Q: Why is e to the i pi equal to -1?

Posted on October 29, 2009 by The Physicist

Physicist: This equation ( $e^{i \pi} = -1$ ) was recently voted one of the most famous equations ever. That isn’t part of the answer, it’s just interesting.

First, you’ll find (by plugging them into a graphing calculator and graphing) that:

1) $Sin(x) = x - \frac{x^3}{3!} + \frac{x^5}{5!} - \frac{x^7}{7!} + \frac{x^9}{9!} - \cdots$

2) $Cos(x) = 1 - \frac{x^2}{2!} + \frac{x^4}{4!} - \frac{x^6}{6!} + \frac{x^8}{8!} - \cdots$

3) $e^x = 1 + x + \frac{x^2}{2!} + \frac{x^3}{3!} + \frac{x^4}{4!} + \frac{x^5}{5!} + \cdots$

Where $N! = 1 \cdot 2 \cdot 3 \cdots N$ .

These are called “Taylor expansions” of “Sine”, “Cosine”, and “e to the x”. If you were to continue the patterns above forever, then you would find that the equality is exact. There is some very exciting math to back me up on this, but for now just trust.

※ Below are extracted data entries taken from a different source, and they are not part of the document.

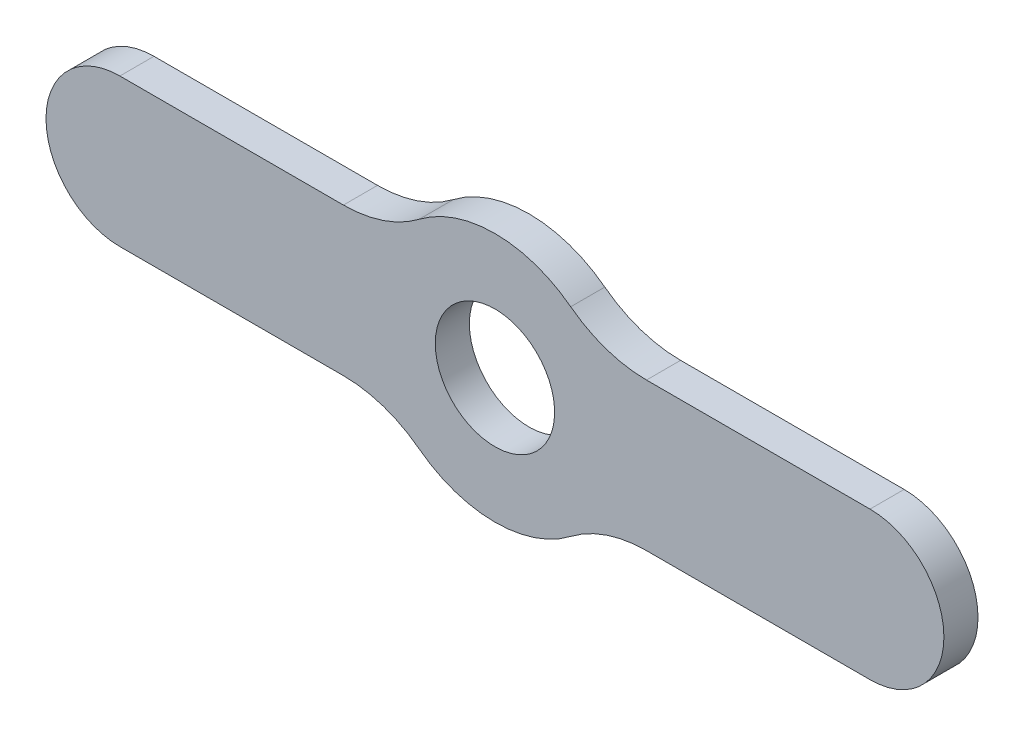
SolidWorks part; units mm, degrees
ref_plane "Plano frontal" through (0, 0, 0) normal (0, 0, 1) x (1, 0, 0)
ref_plane "Plano superior" through (0, 0, 0) normal (0, 1, 0) x (1, 0, 0)
ref_plane "Plano direito" through (0, 0, 0) normal (1, 0, 0) x (0, 0, -1)
sketch "Esboço1" plane through (0, 0, 0) normal (0, 0, 1) x (1, 0, 0)
  line L0 (-33, 6.5) -> (-8.8741, 6.5)
  line L5 (8.8741, 6.5) -> (33, 6.5)
  line L6 (-33, -6.5) -> (-8.8741, -6.5)
  line L7 (8.8741, -6.5) -> (33, -6.5)
  arc A2 (33, 6.5) -> (33, -6.5) centre (33, 0) cw
  arc A3 (-33, 6.5) -> (-33, -6.5) centre (-33, 0) ccw
  arc A4 (0, 11) -> (8.8741, 6.5) centre (0, 0) cw
  arc A5 (0, 11) -> (-8.8741, 6.5) centre (0, 0) ccw
  arc A6 (0, -11) -> (8.8741, -6.5) centre (0, 0) ccw
  arc A7 (0, -11) -> (-8.8741, -6.5) centre (0, 0) cw
  point P4 (0, 0)
base flange "Flange-base1" sketch "Esboço1" thickness 3 reverse thickness direction no parameters "D1"=10
fillet "Filete1" radius 11 1 edges at (-8.8741, 6.5, -1.5)
fillet "Filete2" radius 11 3 edges at (8.8741, 6.5, -1.5) (-8.8741, -6.5, -1.5) (8.8741, -6.5, -1.5)
sketch "Esboço2" plane through (0, 0, -3) normal (0, 0, -1) x (-1, 0, 0)
  circle A0 centre (0, 0) radius 5.25
extrude "Corte-extrusão1" cut sketch "Esboço2" against normal up to next normal cut yes
sketch "Curva-Linhas1" [suppressed] plane through (0, 0, 0) normal (0, 1, 0) x (1, 0, 0)
sketch "Caixa delimitadora1" [suppressed] plane through (0, 0, 0) normal (0, 1, 0) x (1, 0, 0)
sheet metal parameters "Chapa metálica1" thickness 3 parameters "D1"=10
flat pattern "Padrão-Plano1" [suppressed]
sketch "Curva-Linhas2" plane through (0, 0, 0) normal (0, 1, 0) x (1, 0, 0)
sketch3d "Caixa delimitadora2" [suppressed]
  line L0 (-70.3256, 16.2415, 0) -> (7.3256, 5.5528, 0) construction
  line L1 (-73.3256, -5.5528, 0) -> (4.3256, -16.2415, 0) construction
  line L2 (-70.3256, 16.2415, 0) -> (-73.3256, -5.5528, 0) construction
  line L3 (7.3256, 5.5528, 0) -> (4.3256, -16.2415, 0) construction
sheet metal parameters "Chapa metálica2" thickness 3 parameters "D1"=10
flat pattern "Padrão-Plano1"
sketch "Curva-Linhas2" plane through (0, 0, 0) normal (0, 1, 0) x (1, 0, 0)
sketch3d "Caixa delimitadora2" [suppressed]
  line L0 (-70.3256, 16.2415, 0) -> (7.3256, 5.5528, 0) construction
  line L1 (-73.3256, -5.5528, 0) -> (4.3256, -16.2415, 0) construction
  line L2 (-70.3256, 16.2415, 0) -> (-73.3256, -5.5528, 0) construction
  line L3 (7.3256, 5.5528, 0) -> (4.3256, -16.2415, 0) construction
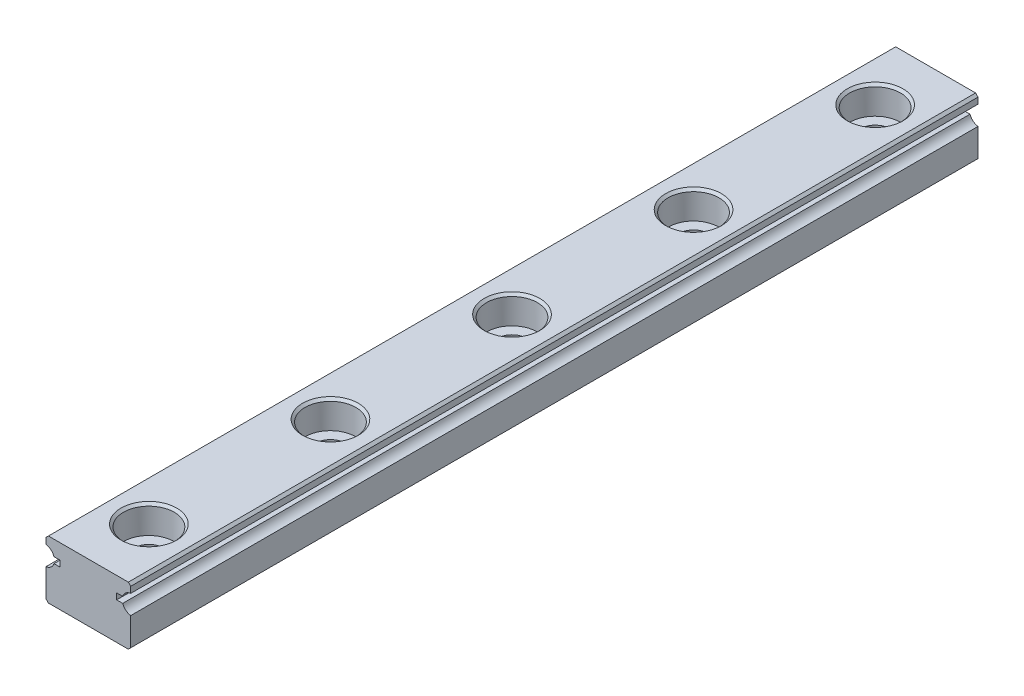
SolidWorks part; units mm, degrees
ref_plane "Спереди" through (0, 0, 0) normal (0, 0, 1) x (1, 0, 0)
ref_plane "Сверху" through (0, 0, 0) normal (0, 1, 0) x (1, 0, 0)
ref_plane "Справа" through (0, 0, 0) normal (1, 0, 0) x (0, 0, -1)
sketch "Sketch1" plane through (0, 0, 0) normal (0, 0, 1) x (1, 0, 0)
  line L0 (0, 0) -> (0, 4.3706) construction
  line L1 (-3.3, -2.4) -> (3.3, -2.4)
  line L2 (-3.5, -2.2) -> (-3.5, 0.1063)
  line L3 (-3.3, 2.4) -> (3.3, 2.4)
  line L4 (3.5, -2.2) -> (3.5, 0.1063)
  line L5 (-3.5, -2.4) -> (3.5, 2.4) construction
  line L6 (-3.5, 2.4) -> (3.5, -2.4) construction
  line L7 (-3.5, 1.6937) -> (-3.5, 2.2)
  line L8 (3.5, 1.6937) -> (3.5, 2.2)
  line L9 (-3.5, -2.2) -> (-3.3, -2.4)
  line L10 (3.3, -2.4) -> (3.5, -2.2)
  line L11 (3.3, 2.4) -> (3.5, 2.2)
  line L12 (-3.5, 2.2) -> (-3.3, 2.4)
  line L13 (2.8401, 0.65) -> (2.3401, 0.65)
  line L14 (-2.8401, 0.65) -> (-2.3401, 0.65)
  line L15 (2.3401, 0.65) -> (2.3401, 1.15)
  line L16 (-2.8401, 1.15) -> (-2.3401, 1.15)
  line L17 (-2.3401, 0.65) -> (-2.3401, 1.15)
  line L18 (2.8401, 1.15) -> (2.3401, 1.15)
  arc A0 (-3.5, 1.6937) -> (-2.8401, 1.15) centre (-3.6, 0.9) cw
  arc A1 (3.5, 1.6937) -> (2.8401, 1.15) centre (3.6, 0.9) ccw
  arc A2 (-2.8401, 0.65) -> (-3.5, 0.1063) centre (-3.6, 0.9) cw
  arc A3 (2.8401, 0.65) -> (3.5, 0.1063) centre (3.6, 0.9) ccw
  point P0 (0, 0)
  dimension "D4" = 0.8
  dimension "D5" = 0.1
  dimension "D1" = 7
  dimension "D2" = 4.8
  dimension "D3" = 1.5
  dimension "D6" = 0.5
  dimension "D7" = 0.5
extrude "Extrude1" add sketch "Sketch1" along normal blind 70
sketch "Sketch2" plane through (0, 2.4, 0) normal (0, 1, 0) x (1, 0, 0)
  line L0 (0, 0) -> (0, -5) construction
  circle A0 centre (0, -5) radius 1.2
  circle A1 centre (0, -5) radius 2.1
  dimension "D1" = 2.4
  dimension "D2" = 4.2
  dimension "D3" = 5
extrude "Extrude2" cut sketch "Sketch2" against normal up to next contours A0 region at (0, 2.4, 5)
extrude "Extrude4" cut sketch "Sketch" against normal blind 2.3
sketch "Sketch" plane through (0, 2.4, 0) normal (0, 1, 0) x (1, 0, 0) same geometry as "Sketch2"
chamfer "Chamfer1" distance 0.2 angle 45 2 edges at (0, -2.4, 6.2) (0, 2.4, 7.1)
pattern_linear "LPattern1" count 5 spacing 15 along (0, 0, 1) of "Extrude4", "Chamfer1", "Extrude2"

Know that $i^2 = - 1$ . This is how you define $i$ . Therefore, $i^1 = i, i^2 = -1, i^3 = -i, i^4 = 1, i^5 = i , \ldots$

Check it!:

$e^{i x} = 1 + (ix) + \frac{(ix)^2}{2!} + \frac{(ix)^3}{3!} + \frac{(ix)^4}{4!} + \frac{(ix)^5}{5!} + \frac{(ix)^6}{6!} + \frac{(ix)^7}{7!} + \cdots$ $= 1 + i x + \frac{i^2 x^2}{2!} + \frac{i^3 x^3}{3!} + \frac{i^4 x^4}{4!} + \frac{i^5 x^5}{5!} + \frac{i^6 x^6}{6!} + \frac{i^7 x^7}{7!} + \cdots$ $= 1 + i x - \frac{x^2}{2!} - i \frac{x^3}{3!} + \frac{x^4}{4!} + i \frac{x^5}{5!} - \frac{x^6}{6!} - i \frac{x^7}{7!} + \cdots$

and grouping terms that have “ $i$ ” in them:

$= ( 1 - \frac{x^2}{2!} + \frac{x^4}{4!} - \frac{x^6}{6!} + \cdots) + i ( x$ $- \frac{x^3}{3!}$ $+ \frac{x^5}{5!} - \frac{x^7}{7!} + \cdots )$

$= Cos(x) + i Sin(x)$

Holy crap! $e^{ix} = Cos(x) + i Sin(x)$ !

This is the “Euler Equation”. Or one of them at least. Just plug in “ $x = \pi$ “.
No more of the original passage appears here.